• _RECORDS FOR THIS TASK_:
- Opening Delimiter -
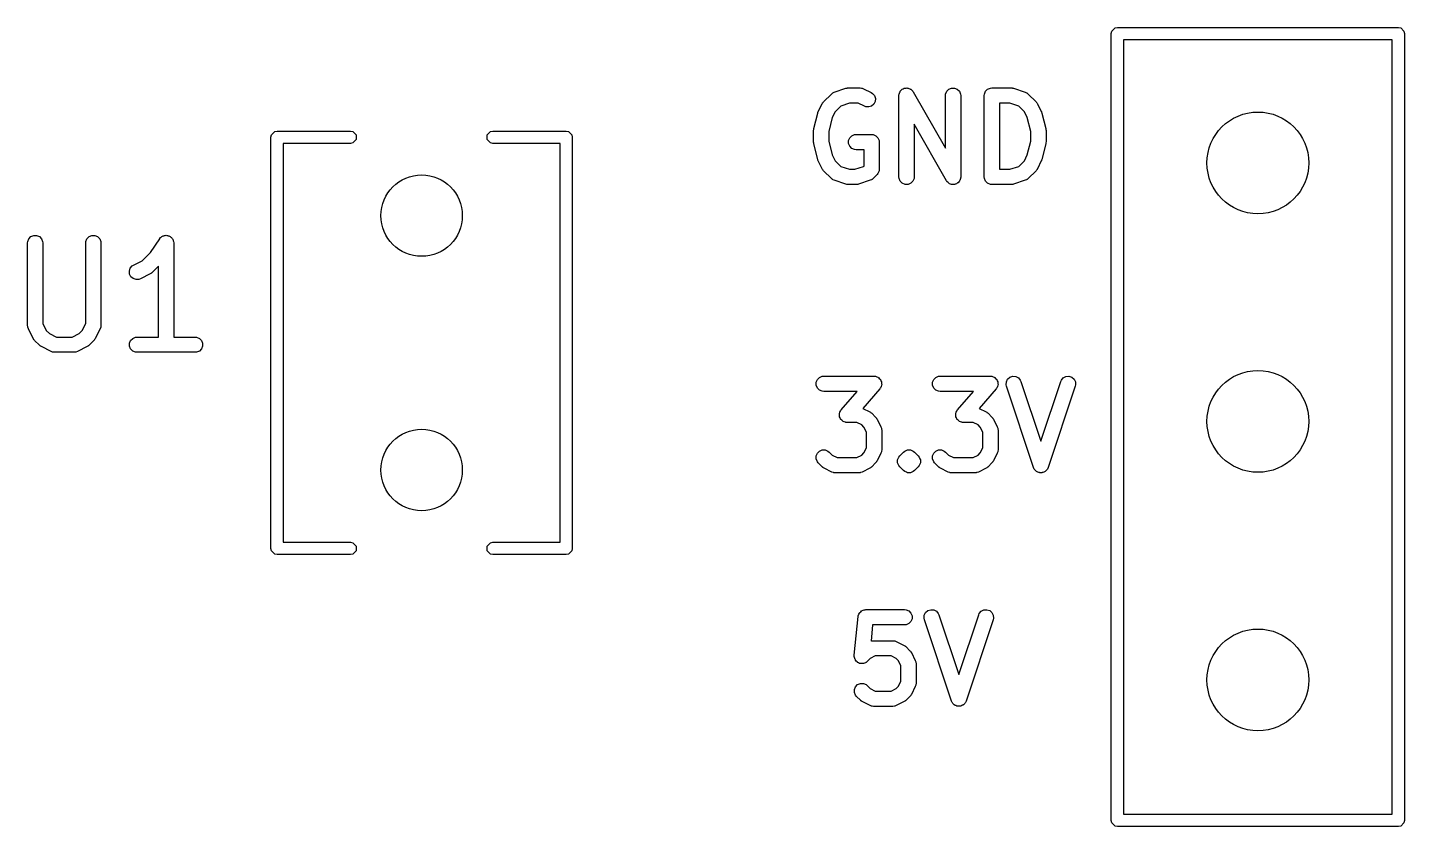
# Model space of a CAD drawing. Extents: x 90.4 to 161.7, y -143.1 to -81.8.
# Drawn here: x 146.65 to 160.18, y -105.65 to -97.8 of the extents above; entities that cross this region are included whole.
import ezdxf

# ---------------------------------------------------------------- set-up
doc = ezdxf.new("R2010")
doc.units = 0
doc.layers.add('BLACK', color=7, linetype='CONTINUOUS')

msp = doc.modelspace()

# ---------------------------------------------------------------- linework, layer by layer
at = {"layer": 'BLACK', "linetype": 'CONTINUOUS'}
for p, q in [((157.30097, -97.835795), (157.333442, -97.803323)), ((157.333442, -97.803323), (157.356403, -97.798756)), ((157.356403, -97.798756), (160.116403, -97.798756)), ((160.116403, -97.798756), (160.139364, -97.803323)), ((160.139364, -97.803323), (160.171836, -97.835795)), ((157.296403, -97.858756), (157.30097, -97.835795)), ((157.296403, -105.588756), (157.296403, -97.858756)), ((157.416403, -97.918756), (157.416403, -105.528756)), ((160.056403, -97.918756), (157.416403, -97.918756)), ((160.056403, -105.528756), (160.056403, -97.918756)), ((160.171836, -97.835795), (160.176403, -97.858756)), ((160.176403, -97.858756), (160.176403, -105.588756)), ((154.46966, -98.528235), (154.54585, -98.452045)), ((154.54585, -98.452045), (154.557215, -98.442717)), ((154.557215, -98.442717), (154.559707, -98.441684)), ((154.559707, -98.441684), (154.561741, -98.439921)), ((154.561741, -98.439921), (154.575166, -98.433927)), ((154.575166, -98.433927), (154.689452, -98.395832)), ((154.689452, -98.395832), (154.696705, -98.394182)), ((154.696705, -98.394182), (154.698537, -98.393424)), ((154.698537, -98.393424), (154.701191, -98.393162)), ((154.701191, -98.393162), (154.703789, -98.392572)), ((154.703789, -98.392572), (154.705763, -98.392712)), ((154.705763, -98.392712), (154.713169, -98.391983)), ((154.713169, -98.391983), (154.827455, -98.391983)), ((154.827455, -98.391983), (154.842087, -98.393424)), ((154.842087, -98.393424), (154.844576, -98.394455)), ((154.844576, -98.394455), (154.847264, -98.394646)), ((154.847264, -98.394646), (154.860996, -98.399901)), ((154.860996, -98.399901), (154.937186, -98.437996)), ((154.937186, -98.437996), (154.949629, -98.445828)), ((154.949629, -98.445828), (154.968802, -98.467936)), ((154.968802, -98.467936), (154.978056, -98.495697)), ((155.209598, -98.466983), (155.209968, -98.463219)), ((155.209598, -99.266983), (155.209598, -98.466983)), ((155.209781, -98.461744), (155.210302, -98.459833)), ((155.209968, -98.463219), (155.209781, -98.461744)), ((155.210302, -98.459833), (155.211039, -98.452351)), ((155.211039, -98.452351), (155.214856, -98.443135)), ((155.214856, -98.443135), (155.217481, -98.433512)), ((155.217481, -98.433512), (155.220408, -98.429731)), ((155.220408, -98.429731), (155.222238, -98.425315)), ((155.222238, -98.425315), (155.229288, -98.418264)), ((155.229288, -98.418264), (155.235398, -98.410375)), ((155.235398, -98.410375), (155.239551, -98.408001)), ((155.239551, -98.408001), (155.24293, -98.404623)), ((155.24293, -98.404623), (155.252142, -98.400806)), ((155.252142, -98.400806), (155.260807, -98.395856)), ((155.260807, -98.395856), (155.26555, -98.395253)), ((155.26555, -98.395253), (155.269966, -98.393424)), ((155.269966, -98.393424), (155.27994, -98.393424)), ((155.27994, -98.393424), (155.289837, -98.392166)), ((155.289837, -98.392166), (155.294449, -98.393424)), ((155.294449, -98.393424), (155.29923, -98.393424)), ((155.29923, -98.393424), (155.308445, -98.397241)), ((155.308445, -98.397241), (155.318069, -98.399866)), ((155.318069, -98.399866), (155.321849, -98.402793)), ((155.321849, -98.402793), (155.326266, -98.404623)), ((155.326266, -98.404623), (155.333316, -98.411673)), ((155.333316, -98.411673), (155.341206, -98.417783)), ((155.341206, -98.417783), (155.345558, -98.423915)), ((155.345558, -98.423915), (155.346958, -98.425315)), ((155.346958, -98.425315), (155.347527, -98.426689)), ((155.347527, -98.426689), (155.349716, -98.429773)), ((155.349716, -98.429773), (155.666741, -98.984566)), ((155.666741, -98.466983), (155.668182, -98.452351)), ((155.666741, -98.984566), (155.666741, -98.466983)), ((155.668182, -98.452351), (155.679381, -98.425315)), ((155.679381, -98.425315), (155.700073, -98.404623)), ((155.700073, -98.404623), (155.727109, -98.393424)), ((155.727109, -98.393424), (155.756373, -98.393424)), ((155.756373, -98.393424), (155.783409, -98.404623)), ((155.783409, -98.404623), (155.804101, -98.425315)), ((155.804101, -98.425315), (155.8153, -98.452351)), ((155.8153, -98.452351), (155.816741, -98.466983)), ((155.816741, -98.466983), (155.816741, -99.266983)), ((156.047693, -98.466983), (156.049134, -98.452351)), ((156.047693, -99.266983), (156.047693, -98.466983)), ((156.049134, -98.452351), (156.060333, -98.425315)), ((156.060333, -98.425315), (156.081025, -98.404623)), ((156.081025, -98.404623), (156.108061, -98.393424)), ((156.108061, -98.393424), (156.122693, -98.391983)), ((156.122693, -98.391983), (156.313169, -98.391983)), ((156.313169, -98.391983), (156.320574, -98.392712)), ((156.320574, -98.392712), (156.322549, -98.392572)), ((156.322549, -98.392572), (156.325146, -98.393162)), ((156.325146, -98.393162), (156.327801, -98.393424)), ((156.327801, -98.393424), (156.329632, -98.394182)), ((156.329632, -98.394182), (156.336886, -98.395832)), ((156.336886, -98.395832), (156.451172, -98.433927)), ((156.451172, -98.433927), (156.464597, -98.439921)), ((156.464597, -98.439921), (156.466632, -98.441686)), ((156.466632, -98.441686), (156.469123, -98.442718)), ((156.469123, -98.442718), (156.480488, -98.452045)), ((156.480488, -98.452045), (156.556678, -98.528235)), ((154.417516, -98.623918), (154.455611, -98.547727)), ((154.455611, -98.547727), (154.459575, -98.541427)), ((154.459575, -98.541427), (154.460333, -98.5396)), ((154.460333, -98.5396), (154.462021, -98.537543)), ((154.462021, -98.537543), (154.463443, -98.535284)), ((154.463443, -98.535284), (154.464941, -98.533984)), ((154.464941, -98.533984), (154.46966, -98.528235)), ((154.639396, -98.57063), (154.584332, -98.625694)), ((154.725339, -98.541983), (154.639396, -98.57063)), ((154.80975, -98.541983), (154.725339, -98.541983)), ((154.870104, -98.57216), (154.80975, -98.541983)), ((154.883836, -98.577415), (154.870104, -98.57216)), ((154.913026, -98.579489), (154.883836, -98.577415)), ((154.940787, -98.570235), (154.913026, -98.579489)), ((154.962895, -98.551062), (154.940787, -98.570235)), ((154.975982, -98.524887), (154.962895, -98.551062)), ((154.978056, -98.495697), (154.975982, -98.524887)), ((156.300999, -98.541983), (156.197693, -98.541983)), ((156.197693, -98.541983), (156.197693, -99.191983)), ((156.386941, -98.57063), (156.300999, -98.541983)), ((156.442005, -98.625694), (156.386941, -98.57063)), ((156.556678, -98.528235), (156.561398, -98.533985)), ((156.561398, -98.533985), (156.562895, -98.535284)), ((156.562895, -98.535284), (156.564314, -98.537538)), ((156.564314, -98.537538), (156.566006, -98.5396)), ((156.566006, -98.5396), (156.566764, -98.541432)), ((156.566764, -98.541432), (156.570727, -98.547727)), ((156.570727, -98.547727), (156.608822, -98.623918)), ((154.373741, -98.791649), (154.411837, -98.639268)), ((154.411837, -98.639268), (154.412222, -98.638188)), ((154.412222, -98.638188), (154.412261, -98.63765)), ((154.412261, -98.63765), (154.414585, -98.631574)), ((154.414585, -98.631574), (154.416784, -98.625423)), ((154.416784, -98.625423), (154.417106, -98.624987)), ((154.417106, -98.624987), (154.417516, -98.623918)), ((154.555362, -98.683634), (154.521502, -98.819075)), ((154.584332, -98.625694), (154.555362, -98.683634)), ((155.676623, -99.304193), (155.359598, -98.749399)), ((155.359598, -98.749399), (155.359598, -99.266983)), ((156.470975, -98.683633), (156.442005, -98.625694)), ((156.504836, -98.819075), (156.470975, -98.683633)), ((156.608822, -98.623918), (156.609231, -98.624987)), ((156.609231, -98.624987), (156.609554, -98.625423)), ((156.609554, -98.625423), (156.611752, -98.631574)), ((156.611752, -98.631574), (156.614077, -98.63765)), ((156.614077, -98.63765), (156.614115, -98.638188)), ((156.614115, -98.638188), (156.614501, -98.639268)), ((156.614501, -98.639268), (156.652597, -98.79165)), ((149.040347, -98.876677), (149.044914, -98.853716)), ((149.040347, -102.916677), (149.040347, -98.876677)), ((149.044914, -98.853716), (149.077386, -98.821244)), ((149.077386, -98.821244), (149.100347, -98.816677)), ((149.100347, -98.816677), (149.821347, -98.816677)), ((149.821347, -98.816677), (149.844308, -98.821244)), ((149.844308, -98.821244), (149.87678, -98.853716)), ((149.87678, -98.853716), (149.87678, -98.899638)), ((151.163914, -98.853716), (151.196386, -98.821244)), ((151.163914, -98.899638), (151.163914, -98.853716)), ((151.196386, -98.821244), (151.219347, -98.816677)), ((151.219347, -98.816677), (151.940347, -98.816677)), ((151.940347, -98.816677), (151.963308, -98.821244)), ((151.963308, -98.821244), (151.99578, -98.853716)), ((151.99578, -98.853716), (152.000347, -98.876677)), ((152.000347, -98.876677), (152.000347, -102.916677)), ((154.371502, -98.80984), (154.371753, -98.807286)), ((154.371502, -98.924126), (154.371502, -98.80984)), ((154.371591, -98.806194), (154.3724, -98.800719)), ((154.371753, -98.807286), (154.371591, -98.806194)), ((154.3724, -98.800719), (154.372943, -98.795208)), ((154.372943, -98.795208), (154.373365, -98.794187)), ((154.373365, -98.794187), (154.373741, -98.791649)), ((154.521502, -98.819075), (154.521502, -98.91489)), ((154.715801, -98.909494), (154.727, -98.882458)), ((154.727, -98.882458), (154.747692, -98.861766)), ((154.747692, -98.861766), (154.774728, -98.850567)), ((154.774728, -98.850567), (154.78936, -98.849126)), ((154.78936, -98.849126), (154.941741, -98.849126)), ((154.941741, -98.849126), (154.956373, -98.850567)), ((154.956373, -98.850567), (154.983409, -98.861766)), ((154.983409, -98.861766), (155.004101, -98.882458)), ((155.004101, -98.882458), (155.0153, -98.909494)), ((156.504836, -98.91489), (156.504836, -98.819075)), ((156.652597, -98.79165), (156.652972, -98.794186)), ((156.652972, -98.794186), (156.653395, -98.795208)), ((156.653395, -98.795208), (156.653937, -98.80072)), ((156.653937, -98.80072), (156.654747, -98.806194)), ((156.654747, -98.806194), (156.654584, -98.807286)), ((156.654584, -98.807286), (156.654836, -98.80984)), ((156.654836, -98.80984), (156.654836, -98.924126)), ((149.821347, -98.936677), (149.160347, -98.936677)), ((149.160347, -98.936677), (149.160347, -102.856677)), ((149.844308, -98.93211), (149.821347, -98.936677)), ((149.87678, -98.899638), (149.844308, -98.93211)), ((151.196386, -98.93211), (151.163914, -98.899638)), ((151.219347, -98.936677), (151.196386, -98.93211)), ((151.880347, -98.936677), (151.219347, -98.936677)), ((151.880347, -102.856677), (151.880347, -98.936677)), ((154.371753, -98.926679), (154.371502, -98.924126)), ((154.371591, -98.927772), (154.371753, -98.926679)), ((154.3724, -98.933246), (154.371591, -98.927772)), ((154.372943, -98.938758), (154.3724, -98.933246)), ((154.373365, -98.939778), (154.372943, -98.938758)), ((154.373741, -98.942317), (154.373365, -98.939778)), ((154.411837, -99.094698), (154.373741, -98.942317)), ((154.521502, -98.91489), (154.555362, -99.05033)), ((154.715801, -98.938758), (154.715801, -98.909494)), ((154.727, -98.965794), (154.715801, -98.938758)), ((154.747692, -98.986486), (154.727, -98.965794)), ((154.774728, -98.997685), (154.747692, -98.986486)), ((154.78936, -98.999126), (154.774728, -98.997685)), ((154.866741, -98.999126), (154.78936, -98.999126)), ((154.866741, -99.159726), (154.866741, -98.999126)), ((155.0153, -98.909494), (155.016741, -98.924126)), ((155.016741, -98.924126), (155.016741, -99.190792)), ((156.470975, -99.050331), (156.504836, -98.91489)), ((156.652597, -98.942316), (156.614501, -99.094698)), ((156.652972, -98.939779), (156.652597, -98.942316)), ((156.653395, -98.938758), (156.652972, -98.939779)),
- Closing Delimiter -
• _TASK BRIEF_:
Give the number of lines in the material above where the word "linetype" appears, without any other words.

• _TASK ANSWER_:
2